I bought a 3 drawer plastic container to sort out the pony holders, barrettes & stretchy pony holders yesterday. I had to laugh as i was sorting - wondering if many little girls have as many as Kallie & Abby do!! What is your "hair pretty" collection like?


----------



## whimsy (Apr 3, 2010)

Whimsy doesn't have one. Sometimes when I want to take a seasonal picture of her, say for instance Valentines Day, I will go to my box of ribbon that I use for crafts and whip one up. I cut the hair in front of her eyes , so she doesn't have a top knot.Yes..I will just bet your two have more then most little girls!


----------



## Sparkle (May 17, 2012)

If i can ever get this pic to upload from my phone! Grrrrr


----------



## MarinaGirl (Mar 25, 2012)

I need to get Emmie some cute accessories; she had only 1 bow, which she lost at the Hav playdate yesterday. Where do you buy hair goodies for Kallie and Abbie? Most pet stores in Seattle don't carry any. -Jeanne-


----------



## jcbpaisley (Mar 6, 2013)

I just ordered a bunch of bows from bowbizdogbows.com. They are pricey but the quality looks amazing! They are so cute and she has hundreds of different styles. I will let you know how they turn out when they get here!. Diva's current bows are just little ribbons she gets at the groomer. They don't last very long.


----------



## Sparkle (May 17, 2012)

Finally, had to do it the long way, but here's our accessories. I get them in the infant dept @ Walmart. They have the cutest little bows & pony holders & barrettes! And cheap.


----------



## TilliesMom (Sep 30, 2010)

ha ha ha ha, SO cute! poor Tillie she never gets pretty anything... lol Karen sent us a pack of the cloth scrunchie like bands in all the girly colors Kodi would never wear! lol She wears those or my daughters bands... we don't own a single bow. lol


----------



## Sparkle (May 17, 2012)

I guess Kallie's just a girlie girl! Abby had her first hair clip yesterday for about 10 minutes. Not enough hair length yet to do a pony, but want to get her used to something being in her hair.


----------



## RoutineAvocado (Feb 6, 2013)

Cute!
We have a baggie of tiny hair bands and a few clips/bows people have given us. Zelda's hair is just now getting long enough for a pony so let the fun begin 

Sent from Petguide.com Free App


----------



## jmombo (Jul 7, 2013)

I picked up some hair pretties for my girls the other day. Zuzu plays hard, but that bow hung on. BARELY.... but it hung on! LOL


----------



## Ruth4Havs (May 13, 2013)

*cute*



jmombo said:


> I picked up some hair pretties for my girls the other day. Zuzu plays hard, but that bow hung on. BARELY.... but it hung on! LOL


Awwww!!!


----------



## MarinaGirl (Mar 25, 2012)

Emmie in her cute bow before she lost it. Thanks jcbpaisley and Sparkle for your suggestions on where to buy hair accessories.  -Jeanne-


----------



## Sparkle (May 17, 2012)

Awwwww, don't they look so cute!! And is Zuzu wearing a dress? The first thing Kallie does in the morning (after potty) is head straight for the laundry room door, where I fix her hair. She likes having it up out of her face.

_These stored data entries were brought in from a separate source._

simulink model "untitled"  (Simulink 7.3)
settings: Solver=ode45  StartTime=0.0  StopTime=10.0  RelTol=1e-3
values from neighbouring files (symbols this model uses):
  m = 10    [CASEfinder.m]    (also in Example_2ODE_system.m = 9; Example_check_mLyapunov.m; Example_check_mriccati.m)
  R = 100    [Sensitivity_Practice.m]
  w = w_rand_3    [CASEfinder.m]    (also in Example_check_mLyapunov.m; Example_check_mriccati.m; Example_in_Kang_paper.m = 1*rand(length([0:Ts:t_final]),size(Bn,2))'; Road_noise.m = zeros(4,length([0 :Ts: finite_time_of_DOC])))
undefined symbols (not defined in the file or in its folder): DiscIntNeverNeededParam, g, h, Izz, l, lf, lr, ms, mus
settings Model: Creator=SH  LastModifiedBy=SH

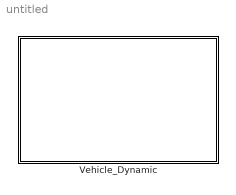
== system untitled ==
  Vehicle_Dynamic : Subsystem
      mask Display: image(imread('V1.jpg'))

== system untitled/Vehicle_Dynamic ==
  Global_position : Subsystem
  Lateral_Dynamic : Subsystem
  Longitudinal_Dynamic : Subsystem
  SlipRatio&SlipAngle : Subsystem
  TireForce : Subsystem
  VerticalForce : Subsystem
  Yaw_Dynamic : Subsystem

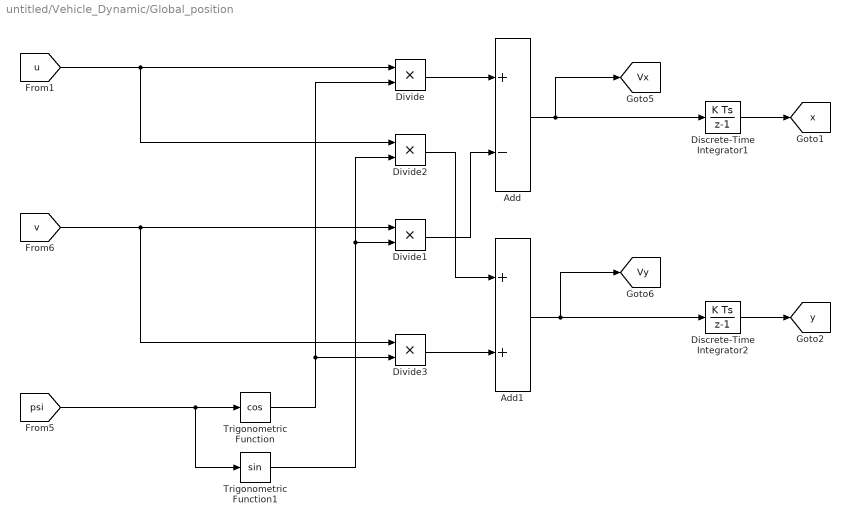
== system untitled/Vehicle_Dynamic/Global_position ==
  Add : Sum  Inputs=+-  OutDataType=fixdt(1, 16)  OutScaling=2^-10
  Add1 : Sum  OutDataType=fixdt(1, 16)  OutScaling=2^-10
  Discrete-Time Integrator1 : DiscreteIntegrator  SampleTime=-1  OutDataType=fixdt(1, 16)  OutScaling=2^0  ICPrevOutput=DiscIntNeverNeededParam  ICPrevScaledInput=DiscIntNeverNeededParam
  Discrete-Time Integrator2 : DiscreteIntegrator  SampleTime=-1  OutDataType=fixdt(1, 16)  OutScaling=2^0  ICPrevOutput=DiscIntNeverNeededParam  ICPrevScaledInput=DiscIntNeverNeededParam
  Divide{,1..3} (4 alike) : Product  Inputs=**  OutDataType=fixdt(1, 16)  OutScaling=2^-10
  Trigonometric Function : Trigonometry  Operator=cos
  Trigonometric Function1 : Trigonometry
  tag scope: Vx=global, Vy=global, x=global, y=global
  wires:
  Add1/1 -> [Vy], Discrete-Time Integrator2/1
  Divide3/1 -> Add1/2
  Divide2/1 -> Add1/1
  Divide1/1 -> Add/2
  Divide/1 -> Add/1
  [v] -> Divide3/1, Divide1/1
  [u] -> Divide2/1, Divide/1
  Discrete-Time Integrator2/1 -> [y]
  Trigonometric Function/1 -> Divide/2, Divide3/2
  Trigonometric Function1/1 -> Divide1/2, Divide2/2
  [psi] -> Trigonometric Function/1, Trigonometric Function1/1
  Discrete-Time Integrator1/1 -> [x]
  Add/1 -> [Vx], Discrete-Time Integrator1/1

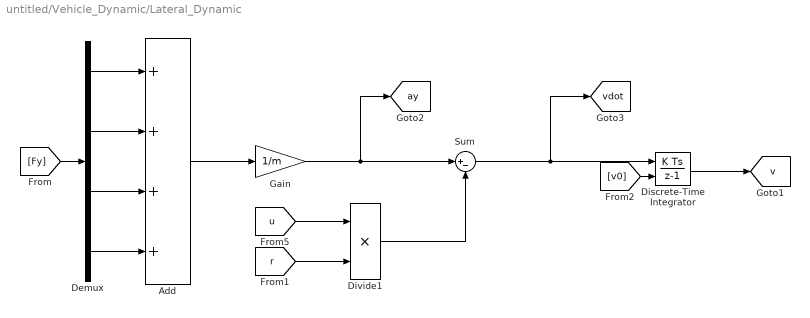
== system untitled/Vehicle_Dynamic/Lateral_Dynamic ==
  Add : Sum  Inputs=++++  OutDataType=fixdt(1, 16)  OutScaling=2^-10
  Demux : Demux
  Discrete-Time Integrator : DiscreteIntegrator  InitialConditionSource=external  SampleTime=-1  OutDataType=fixdt(1, 16)  OutScaling=2^0  ICPrevOutput=DiscIntNeverNeededParam  ICPrevScaledInput=DiscIntNeverNeededParam
  Divide1 : Product  Inputs=**  OutDataType=fixdt(1, 16)  OutScaling=2^-10
  Gain : Gain  Gain=1/m  ParameterDataType=fixdt(1, 16)  ParameterScaling=2^0  OutDataType=fixdt(1, 16)  OutScaling=2^0
  Sum : Sum  Inputs=|+-  OutDataType=fixdt(1, 16)  OutScaling=2^0
  tag scope: ay=global, v=global, vdot=global
  wires:
  Discrete-Time Integrator/1 -> [v]
  [u] -> Divide1/1
  Sum/1 -> Discrete-Time Integrator/1, [vdot]
  Add/1 -> Gain/1
  Gain/1 -> [ay], Sum/1
  [r] -> Divide1/2
  Demux/4 -> Add/4
  Demux/3 -> Add/3
  Demux/2 -> Add/2
  Demux/1 -> Add/1
  [Fy] -> Demux/1
  [v0] -> Discrete-Time Integrator/2
  Divide1/1 -> Sum/2

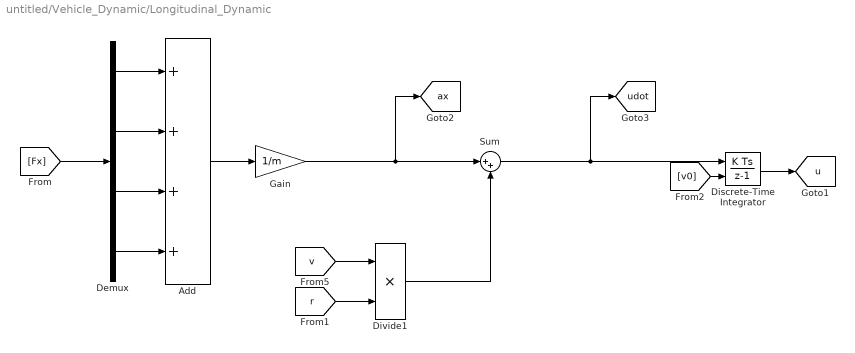
== system untitled/Vehicle_Dynamic/Longitudinal_Dynamic ==
  Add : Sum  Inputs=++++  OutDataType=fixdt(1, 16)  OutScaling=2^-10
  Demux : Demux
  Discrete-Time Integrator : DiscreteIntegrator  InitialConditionSource=external  SampleTime=-1  OutDataType=fixdt(1, 16)  OutScaling=2^0  ICPrevOutput=DiscIntNeverNeededParam  ICPrevScaledInput=DiscIntNeverNeededParam
  Divide1 : Product  Inputs=**  OutDataType=fixdt(1, 16)  OutScaling=2^-10
  Gain : Gain  Gain=1/m  ParameterDataType=fixdt(1, 16)  ParameterScaling=2^0  OutDataType=fixdt(1, 16)  OutScaling=2^0
  Sum : Sum  Inputs=|++  OutDataType=fixdt(1, 16)  OutScaling=2^0
  tag scope: ax=global, u=global, udot=global
  wires:
  Discrete-Time Integrator/1 -> [u]
  Sum/1 -> Discrete-Time Integrator/1, [udot]
  [v] -> Divide1/1
  Add/1 -> Gain/1
  Gain/1 -> [ax], Sum/1
  Demux/4 -> Add/4
  Demux/3 -> Add/3
  Demux/2 -> Add/2
  Demux/1 -> Add/1
  [Fx] -> Demux/1
  [r] -> Divide1/2
  [v0] -> Discrete-Time Integrator/2
  Divide1/1 -> Sum/2

== system untitled/Vehicle_Dynamic/SlipRatio&SlipAngle ==
  Slip_angle : Subsystem
  Slip_ratio : Subsystem
  Tire_Longitudinal_Velocity : Subsystem
  Velocity_at_each_wheel : Subsystem

== system untitled/Vehicle_Dynamic/TireForce ==
  FL : Subsystem
  FR : Subsystem
  RL : Subsystem
  RR : Subsystem

== system untitled/Vehicle_Dynamic/VerticalForce ==
  VerticalForce_FL : Subsystem
  VerticalForce_FR : Subsystem
  VerticalForce_RL : Subsystem
  VerticalForce_RR : Subsystem

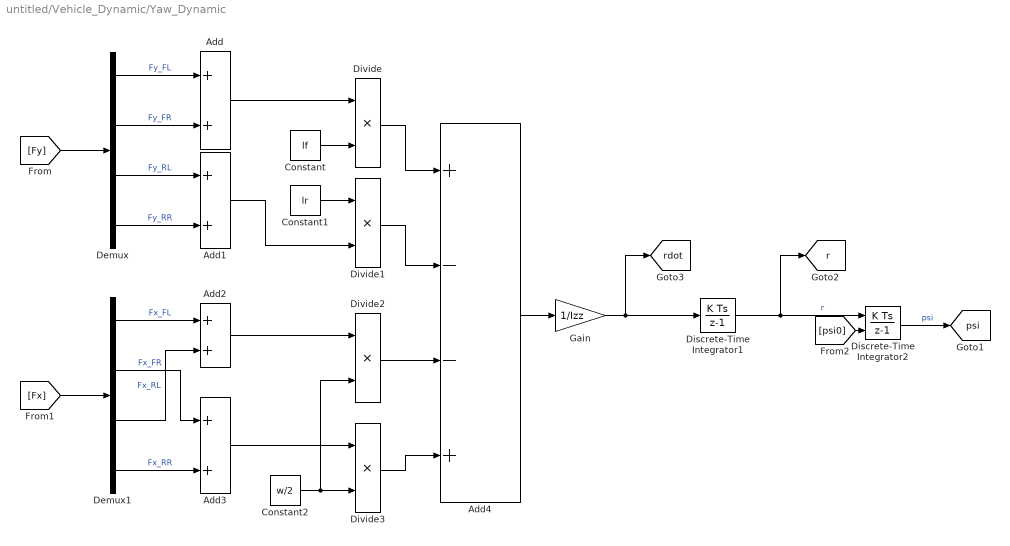
== system untitled/Vehicle_Dynamic/Yaw_Dynamic ==
  Add{,1..3} (4 alike) : Sum  OutDataType=fixdt(1, 16)  OutScaling=2^-10
  Add4 : Sum  Inputs=+--+  OutDataType=fixdt(1, 16)  OutScaling=2^-10
  Constant : Constant  Value=lf  OutDataType=fixdt(1, 16)  OutScaling=2^0
  Constant1 : Constant  Value=lr  OutDataType=fixdt(1, 16)  OutScaling=2^0
  Constant2 : Constant  Value=w/2  OutDataType=fixdt(1, 16)  OutScaling=2^0
  Demux : Demux
  Demux1 : Demux
  Discrete-Time Integrator1 : DiscreteIntegrator  SampleTime=-1  OutDataType=fixdt(1, 16)  OutScaling=2^0  ICPrevOutput=DiscIntNeverNeededParam  ICPrevScaledInput=DiscIntNeverNeededParam
  Discrete-Time Integrator2 : DiscreteIntegrator  InitialConditionSource=external  SampleTime=-1  OutDataType=fixdt(1, 16)  OutScaling=2^0  ICPrevOutput=DiscIntNeverNeededParam  ICPrevScaledInput=DiscIntNeverNeededParam
  Divide{,1..3} (4 alike) : Product  Inputs=**  OutDataType=fixdt(1, 16)  OutScaling=2^-10
  Gain : Gain  Gain=1/Izz  ParameterDataType=fixdt(1, 16)  ParameterScaling=2^0  OutDataType=fixdt(1, 16)  OutScaling=2^0
  tag scope: psi=global, r=global, rdot=global
  wires:
  Add/1 -> Divide/1
  Gain/1 -> Discrete-Time Integrator1/1, [rdot]
  Discrete-Time Integrator1/1 -> Discrete-Time Integrator2/1, [r]  "r"
  Discrete-Time Integrator2/1 -> [psi]  "psi"
  Divide/1 -> Add4/1
  Constant/1 -> Divide/2
  Divide2/1 -> Add4/3
  Divide1/1 -> Add4/2
  Add4/1 -> Gain/1
  Demux/2 -> Add/2  "Fy_FR"
  Demux/1 -> Add/1  "Fy_FL"
  [Fy] -> Demux/1
  [Fx] -> Demux1/1
  [psi0] -> Discrete-Time Integrator2/2
  Demux/3 -> Add1/1  "Fy_RL"
  Demux/4 -> Add1/2  "Fy_RR"
  Constant1/1 -> Divide1/1
  Add1/1 -> Divide1/2
  Divide3/1 -> Add4/4
  Demux1/1 -> Add2/1  "Fx_FL"
  Demux1/4 -> Add3/2  "Fx_RR"
  Add2/1 -> Divide2/1
  Demux1/3 -> Add2/2  "Fx_RL"
  Demux1/2 -> Add3/1  "Fx_FR"
  Add3/1 -> Divide3/1
  Constant2/1 -> Divide3/2, Divide2/2

== system untitled/Vehicle_Dynamic/SlipRatio&SlipAngle/Slip_angle ==
  SlipAngle_FL : Subsystem
  SlipAngle_FR : Subsystem
  SlipAngle_RL : Subsystem
  SlipAngle_RR : Subsystem

== system untitled/Vehicle_Dynamic/SlipRatio&SlipAngle/Slip_ratio ==
  Slipratio_FL : Subsystem
  Slipratio_FR : Subsystem
  Slipratio_RL : Subsystem
  Slipratio_RR : Subsystem

== system untitled/Vehicle_Dynamic/SlipRatio&SlipAngle/Tire_Longitudinal_Velocity ==
  uu_FL : Subsystem
  uu_FR : Subsystem
  uu_RL : Subsystem
  uu_RR : Subsystem

== system untitled/Vehicle_Dynamic/SlipRatio&SlipAngle/Velocity_at_each_wheel ==
  uv_FL : Subsystem
  uv_FR : Subsystem
  uv_RL : Subsystem
  uv_RR : Subsystem

== system untitled/Vehicle_Dynamic/TireForce/FL ==
  SideForce : Subsystem
  TractionForce : Subsystem

== system untitled/Vehicle_Dynamic/TireForce/FR ==
  SideForce : Subsystem
  TractionForce : Subsystem

== system untitled/Vehicle_Dynamic/TireForce/RL ==
  SideForce : Subsystem
  TractionForce : Subsystem

== system untitled/Vehicle_Dynamic/TireForce/RR ==
  SideForce : Subsystem
  TractionForce : Subsystem

== system untitled/Vehicle_Dynamic/VerticalForce/VerticalForce_FL ==
  C.G.Effect : Subsystem
  PitchEffect : Subsystem
  Sum : Sum  Inputs=++-  OutDataType=fixdt(1, 16)  OutScaling=2^0
  TireWeight : Subsystem
  tag scope: Fz_FL=global
  wires:
  Sum/1 -> [Fz_FL]
  TireWeight/1(Out1) -> Sum/1
  C.G.Effect/1(Out1) -> Sum/2
  PitchEffect/1(Out1) -> Sum/3

== system untitled/Vehicle_Dynamic/VerticalForce/VerticalForce_FR ==
  C.G.Effect : Subsystem
  PitchEffect : Subsystem
  Sum : Sum  Inputs=++-  OutDataType=fixdt(1, 16)  OutScaling=2^0
  TireWeight : Subsystem
  tag scope: Fz_FR=global
  wires:
  Sum/1 -> [Fz_FR]
  TireWeight/1(Out1) -> Sum/1
  C.G.Effect/1(Out1) -> Sum/2
  PitchEffect/1(Out1) -> Sum/3

== system untitled/Vehicle_Dynamic/VerticalForce/VerticalForce_RL ==
  C.G.Effect : Subsystem
  PitchEffect : Subsystem
  Sum : Sum  Inputs=+++  OutDataType=fixdt(1, 16)  OutScaling=2^0
  TireWeight : Subsystem
  tag scope: Fz_RL=global
  wires:
  PitchEffect/1(Out1) -> Sum/3
  C.G.Effect/1(Out1) -> Sum/2
  TireWeight/1(Out1) -> Sum/1
  Sum/1 -> [Fz_RL]

== system untitled/Vehicle_Dynamic/VerticalForce/VerticalForce_RR ==
  C.G.Effect : Subsystem
  PitchEffect : Subsystem
  Sum : Sum  Inputs=+++  OutDataType=fixdt(1, 16)  OutScaling=2^0
  TireWeight : Subsystem
  tag scope: Fz_RR=global
  wires:
  PitchEffect/1(Out1) -> Sum/3
  C.G.Effect/1(Out1) -> Sum/2
  TireWeight/1(Out1) -> Sum/1
  Sum/1 -> [Fz_RR]

== system untitled/Vehicle_Dynamic/SlipRatio&SlipAngle/Slip_angle/SlipAngle_FL ==
  Gain : Gain  Gain=pi/180  ParameterDataType=fixdt(1, 16)  ParameterScaling=2^0  OutDataType=fixdt(1, 16)  OutScaling=2^0
  Sum : Sum  Inputs=|+-  OutDataType=fixdt(1, 16)  OutScaling=2^0
  Trigonometric Function : Trigonometry  Operator=atan2
  tag scope: slipA_FL=global
  wires:
  [SA_FL] -> Gain/1
  [u_FL] -> Trigonometric Function/2
  [v_FL] -> Trigonometric Function/1
  Trigonometric Function/1 -> Sum/2
  Gain/1 -> Sum/1
  Sum/1 -> [slipA_FL]

== system untitled/Vehicle_Dynamic/SlipRatio&SlipAngle/Slip_angle/SlipAngle_FR ==
  Gain : Gain  Gain=pi/180  ParameterDataType=fixdt(1, 16)  ParameterScaling=2^0  OutDataType=fixdt(1, 16)  OutScaling=2^0
  Sum : Sum  Inputs=|+-  OutDataType=fixdt(1, 16)  OutScaling=2^0
  Trigonometric Function : Trigonometry  Operator=atan2
  tag scope: slipA_FR=global
  wires:
  Sum/1 -> [slipA_FR]
  Gain/1 -> Sum/1
  Trigonometric Function/1 -> Sum/2
  [v_FR] -> Trigonometric Function/1
  [u_FR] -> Trigonometric Function/2
  [SA_FR] -> Gain/1

== system untitled/Vehicle_Dynamic/SlipRatio&SlipAngle/Slip_angle/SlipAngle_RL ==
  Gain : Gain  Gain=pi/180  ParameterDataType=fixdt(1, 16)  ParameterScaling=2^0  OutDataType=fixdt(1, 16)  OutScaling=2^0
  Sum : Sum  Inputs=|+-  OutDataType=fixdt(1, 16)  OutScaling=2^0
  Trigonometric Function : Trigonometry  Operator=atan2
  tag scope: slipA_RL=global
  wires:
  [SA_RL] -> Gain/1
  [u_RL] -> Trigonometric Function/2
  [v_RL] -> Trigonometric Function/1
  Trigonometric Function/1 -> Sum/2
  Gain/1 -> Sum/1
  Sum/1 -> [slipA_RL]

== system untitled/Vehicle_Dynamic/SlipRatio&SlipAngle/Slip_angle/SlipAngle_RR ==
  Gain : Gain  Gain=pi/180  ParameterDataType=fixdt(1, 16)  ParameterScaling=2^0  OutDataType=fixdt(1, 16)  OutScaling=2^0
  Sum : Sum  Inputs=|+-  OutDataType=fixdt(1, 16)  OutScaling=2^0
  Trigonometric Function : Trigonometry  Operator=atan2
  tag scope: slipA_RR=global
  wires:
  Sum/1 -> [slipA_RR]
  Gain/1 -> Sum/1
  Trigonometric Function/1 -> Sum/2
  [v_RR] -> Trigonometric Function/1
  [u_RR] -> Trigonometric Function/2
  [SA_RR] -> Gain/1

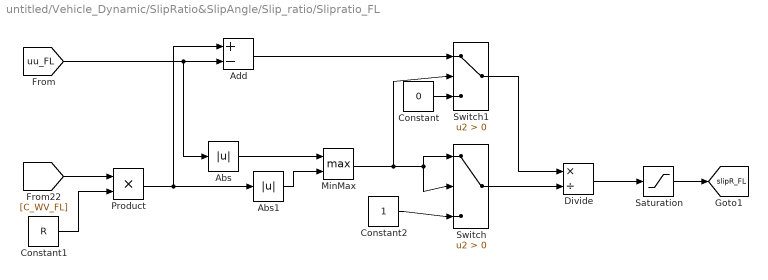
== system untitled/Vehicle_Dynamic/SlipRatio&SlipAngle/Slip_ratio/Slipratio_FL ==
  Abs : Abs  OutDataType=fixdt(1, 16)  OutScaling=2^0
  Abs1 : Abs  OutDataType=fixdt(1, 16)  OutScaling=2^0
  Add : Sum  Inputs=+-  OutDataType=fixdt(1, 16)  OutScaling=2^-10
  Constant : Constant  Value=0  OutDataType=fixdt(1, 16)  OutScaling=2^0
  Constant1 : Constant  Value=R  OutDataType=fixdt(1, 16)  OutScaling=2^0
  Constant2 : Constant  OutDataType=fixdt(1, 16)  OutScaling=2^0
  Divide : Product  Inputs=*/  OutDataType=fixdt(1, 16)  OutScaling=2^-10
  MinMax : MinMax  Function=max  Inputs=2  OutDataType=fixdt(1, 16)  OutScaling=2^0
  Product : Product  OutDataType=fixdt(1, 16)  OutScaling=2^0  RndMeth=Zero
  Saturation : Saturate  UpperLimit=1  LowerLimit=-1  OutDataType=fixdt(1, 16)  OutScaling=2^0
  Switch : Switch  Criteria=u2 > Threshold  OutDataType=fixdt(1, 16)  OutScaling=2^0
  Switch1 : Switch  Criteria=u2 > Threshold  OutDataType=fixdt(1, 16)  OutScaling=2^0
  tag scope: slipR_FL=global
  wires:
  [C_WV_FL] -> Product/1
  Constant1/1 -> Product/2
  Product/1 -> Add/1, Abs1/1
  [uu_FL] -> Add/2, Abs/1
  MinMax/1 -> Switch1/2, Switch/2, Switch/1
  Switch/1 -> Divide/2
  Abs/1 -> MinMax/1
  Abs1/1 -> MinMax/2
  Add/1 -> Switch1/1
  Switch1/1 -> Divide/1
  Constant/1 -> Switch1/3
  Constant2/1 -> Switch/3
  Divide/1 -> Saturation/1
  Saturation/1 -> [slipR_FL]

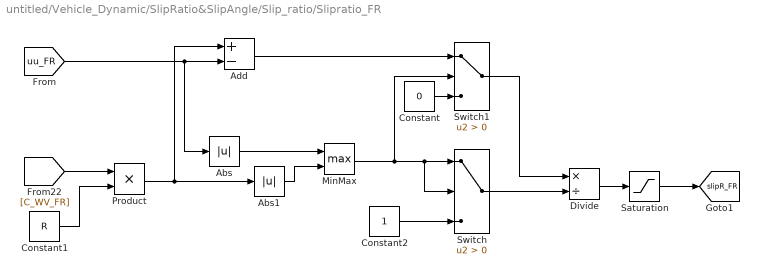
== system untitled/Vehicle_Dynamic/SlipRatio&SlipAngle/Slip_ratio/Slipratio_FR ==
  Abs : Abs  OutDataType=fixdt(1, 16)  OutScaling=2^0
  Abs1 : Abs  OutDataType=fixdt(1, 16)  OutScaling=2^0
  Add : Sum  Inputs=+-  OutDataType=fixdt(1, 16)  OutScaling=2^-10
  Constant : Constant  Value=0  OutDataType=fixdt(1, 16)  OutScaling=2^0
  Constant1 : Constant  Value=R  OutDataType=fixdt(1, 16)  OutScaling=2^0
  Constant2 : Constant  OutDataType=fixdt(1, 16)  OutScaling=2^0
  Divide : Product  Inputs=*/  OutDataType=fixdt(1, 16)  OutScaling=2^-10
  MinMax : MinMax  Function=max  Inputs=2  OutDataType=fixdt(1, 16)  OutScaling=2^0
  Product : Product  OutDataType=fixdt(1, 16)  OutScaling=2^0  RndMeth=Zero
  Saturation : Saturate  UpperLimit=1  LowerLimit=-1  OutDataType=fixdt(1, 16)  OutScaling=2^0
  Switch : Switch  Criteria=u2 > Threshold  OutDataType=fixdt(1, 16)  OutScaling=2^0
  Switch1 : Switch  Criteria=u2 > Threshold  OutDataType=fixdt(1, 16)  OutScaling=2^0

Yes, Jeanne, you need to get Emmie some cute little bows! They will show up great against that shiny black.


----------



## jmombo (Jul 7, 2013)

Sparkle said:


> Awwwww, don't they look so cute!! And is Zuzu wearing a dress? The first thing Kallie does in the morning (after potty) is head straight for the laundry room door, where I fix her hair. She likes having it up out of her face.
> 
> Yes, Jeanne, you need to get Emmie some cute little bows! They will show up great against that shiny black.


Oh yes, she's in a dress! With 2 daughters in the house, the puppies are lucky to make it through the day without at least 3 different costume changes!!! The men folk have a strict "no costumes for Miggy" clause though. They strictly forbid it! Won't even discuss it!! I don't give up easy though. Maybe, one day, Miggy will be strutting around, impressing the ladies, in a brand new bow tie!


----------



## Thumper (Feb 18, 2007)

I hate to admit I didn't put this much effort into my daughter's hair pretties, they had plenty of them, I just never put them in a cute little case like I do Gucci's..here's a pic of her after 'fixing her hair', she almost always comes to me when I say "Let's fix your hair"...LOL..People think that is so funny, I guess it is, she'll even tilt her head for me..I tell people she likes to be able to see where she is going 

Kara


----------



## Sparkle (May 17, 2012)

LOL - Kara, my girls didn't do all of the ponies, barrettes, etc. Maybe that's why I enjoy doing my little girl furbabies' hair!!


----------



## Targaryen (Apr 10, 2013)

I make bows (and other things) so my dogs have a heap of them. Problem is I only have boy Havs so I find myself borrowing my friends girls so I can dress them up in pretty things. :laugh:


----------



## jcbpaisley (Mar 6, 2013)

Diva's BowBiz bows are here! I LOVE them! They are pricey but I am really happy with them and they seem really durable. She hand stitches everything and paints them with stiffener so they are really solid and stiff- they don't even feel like ribbon. They look so pretty and fancy.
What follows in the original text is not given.